Отсюда вытекает третье и «всеобщее воплощение» Слова — тайна Христа, в котором божественное и человеческое, божественное и, через человеческое, — космическое, соединяются неслиянно и нераздельно. Евхаристия раскрывает сакраментальные возможности материи, а аскеза — животворящая аскеза — делает возможным «созерцание славы Божьей, таящейся в существах и в вещах». Все аватары являются только предвосхищениями, то есть образами этого космического Христа, под началом которого объединяется история. Св. Иустин Философ во II веке говорил о «семенах Слова» (logoV spermatikoV), присутствующих повсюду. Мне кажется, что подобное видение характерно и для устремления New Age, но сталкивается с суровой правдой личности и общения, суровой, ибо требует от нас ответственности и свободы. Человек не спасается, приобщаясь к космосу или, вернее, растворяясь в безличном божестве через медитацию во вселенной, в конечном счете иллюзорной; он призван спасти космос, передавая ему силу воскресения, разгадывая во Христе, в огне Духа, его молчаливое торжество, переводя его на язык, вовлекая в диалог с Отцом.

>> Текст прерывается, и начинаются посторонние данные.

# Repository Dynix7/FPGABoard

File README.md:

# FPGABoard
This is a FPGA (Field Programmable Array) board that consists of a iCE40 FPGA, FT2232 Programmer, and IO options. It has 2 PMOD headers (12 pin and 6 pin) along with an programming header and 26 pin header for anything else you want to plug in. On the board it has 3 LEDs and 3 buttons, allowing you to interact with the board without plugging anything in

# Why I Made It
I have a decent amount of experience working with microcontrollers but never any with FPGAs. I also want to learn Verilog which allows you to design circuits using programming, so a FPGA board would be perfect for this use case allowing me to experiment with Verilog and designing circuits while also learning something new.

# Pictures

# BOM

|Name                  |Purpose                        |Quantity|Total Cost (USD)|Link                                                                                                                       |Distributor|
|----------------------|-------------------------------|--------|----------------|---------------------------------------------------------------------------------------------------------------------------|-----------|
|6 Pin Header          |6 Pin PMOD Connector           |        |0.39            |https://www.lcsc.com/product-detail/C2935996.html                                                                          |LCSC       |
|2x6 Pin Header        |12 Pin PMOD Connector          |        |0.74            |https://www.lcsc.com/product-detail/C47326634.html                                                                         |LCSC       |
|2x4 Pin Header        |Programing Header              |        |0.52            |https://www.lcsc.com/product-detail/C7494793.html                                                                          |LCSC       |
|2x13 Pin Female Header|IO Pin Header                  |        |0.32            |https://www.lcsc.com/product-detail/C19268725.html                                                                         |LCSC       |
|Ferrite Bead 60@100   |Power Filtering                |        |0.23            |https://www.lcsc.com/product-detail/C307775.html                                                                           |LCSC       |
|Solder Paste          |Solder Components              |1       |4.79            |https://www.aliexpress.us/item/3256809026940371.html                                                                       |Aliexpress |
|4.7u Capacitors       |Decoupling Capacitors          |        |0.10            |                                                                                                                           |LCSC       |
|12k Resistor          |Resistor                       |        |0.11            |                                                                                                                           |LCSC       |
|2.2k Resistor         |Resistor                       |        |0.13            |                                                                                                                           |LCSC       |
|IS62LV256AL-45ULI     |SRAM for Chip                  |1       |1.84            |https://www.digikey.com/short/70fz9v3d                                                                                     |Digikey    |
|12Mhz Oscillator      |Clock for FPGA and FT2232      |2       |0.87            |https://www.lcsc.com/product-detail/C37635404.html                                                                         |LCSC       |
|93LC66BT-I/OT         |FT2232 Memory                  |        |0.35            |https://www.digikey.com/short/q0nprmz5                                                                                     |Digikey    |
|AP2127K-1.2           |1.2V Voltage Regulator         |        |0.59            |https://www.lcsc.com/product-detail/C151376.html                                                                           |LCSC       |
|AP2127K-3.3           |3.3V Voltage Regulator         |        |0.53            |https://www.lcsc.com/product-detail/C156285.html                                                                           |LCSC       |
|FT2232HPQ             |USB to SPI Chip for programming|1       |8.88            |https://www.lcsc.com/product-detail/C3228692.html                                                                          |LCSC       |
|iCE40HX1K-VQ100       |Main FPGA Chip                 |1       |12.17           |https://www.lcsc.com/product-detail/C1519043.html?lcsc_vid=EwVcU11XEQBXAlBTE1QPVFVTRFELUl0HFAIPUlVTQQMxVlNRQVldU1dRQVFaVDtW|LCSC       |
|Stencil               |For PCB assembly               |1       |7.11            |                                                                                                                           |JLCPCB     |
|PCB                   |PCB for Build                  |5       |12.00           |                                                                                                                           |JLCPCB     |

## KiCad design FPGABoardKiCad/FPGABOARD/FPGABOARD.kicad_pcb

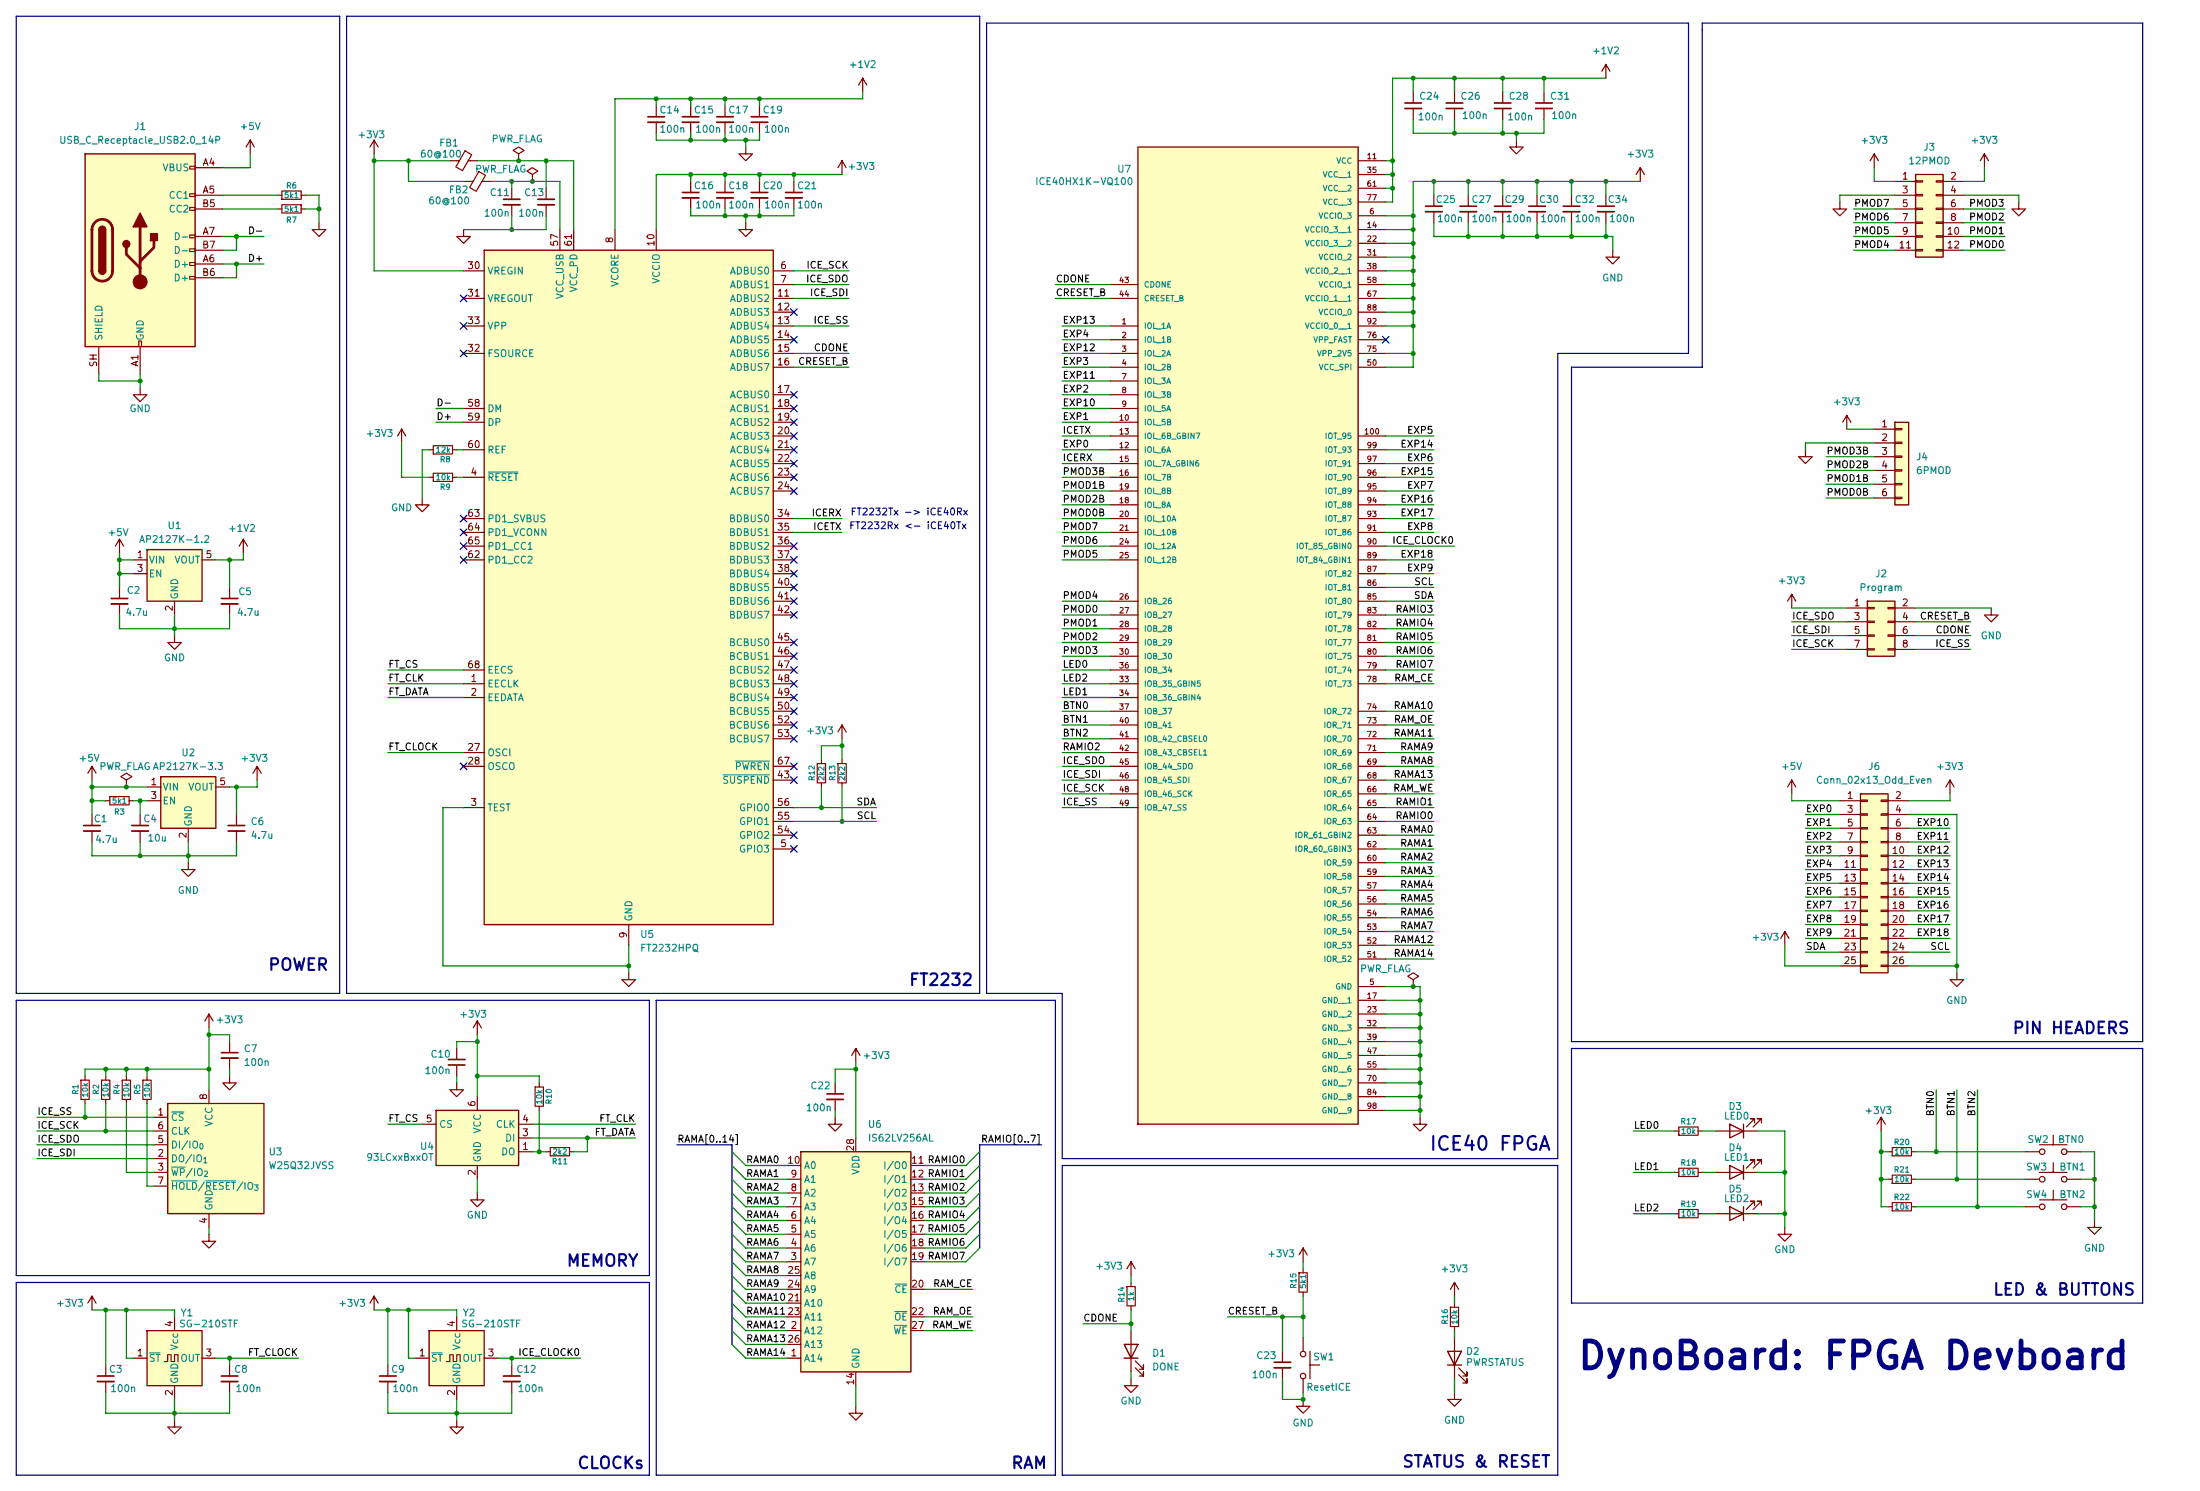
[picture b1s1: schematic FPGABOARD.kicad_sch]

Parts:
C1, C2, C5, C6: 4.7u; C_0603_1608Metric
C3, C7, C8, C9, C10, C11, C12, C13, C23: 100n; C_0603_1608Metric
C4: 10u; C_0603_1608Metric
C14, C15, C16, C17, C18, C19, C20, C21, C22, C24, C25, C26, C27, C28, C29, C30, C31, C32, C34: 100n; C_0603_1608Metric_Pad1.08x0.95mm_HandSolder
D1: DONE; LED_1206_3216Metric
D2: PWRSTATUS; LED_1206_3216Metric
D3: LED0; LED_1206_3216Metric
D4: LED1; LED_1206_3216Metric
D5: LED2; LED_1206_3216Metric
FB1, FB2: 60@100; L_0603_1608Metric
J1: USB_C_Receptacle_USB2.0_14P; USB_C_Receptacle_G-Switch_GT-USB-7010ASV
J2: Program; PinSocket_2x04_P2.54mm_Vertical
J3: 12PMOD; PinSocket_2x06_P2.54mm_Horizontal
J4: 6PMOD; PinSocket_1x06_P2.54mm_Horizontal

Эта мощная концепция оказалась затемненной в современную эпоху. Нам надлежит вернуть ей всю ее культурную и социальную значимость, насытить ею экологию, перенося акценты от этики на сакраментальное. Великие русские «софиологи» попытались сделать это в начале XX столетия. Их теории не всегда были безупречными, но они напомнили о важности понятия Премудрость, встречающегося в некоторых книгах Ветхого Завета, особенно в восьмой главе Притч. В этом таинственном образе, предвестнике космического Христа, Премудрость является одновременно проявлением Божественного и тайной, сакраментальной «формой» сотворенного: это женский образ, в котором выражается материнская нежность живого Бога. Здесь через личное откровение реинтегрируется архаическое Священное, объединявшее мужское и женское начала. Вот почему о. Сергий Булгаков мог написать, что «мудрость открывает себя миру как красота» и что священная земля, святая плоть земли «призывает обожествление», составляет как бы «внутренности Божественного воплощения».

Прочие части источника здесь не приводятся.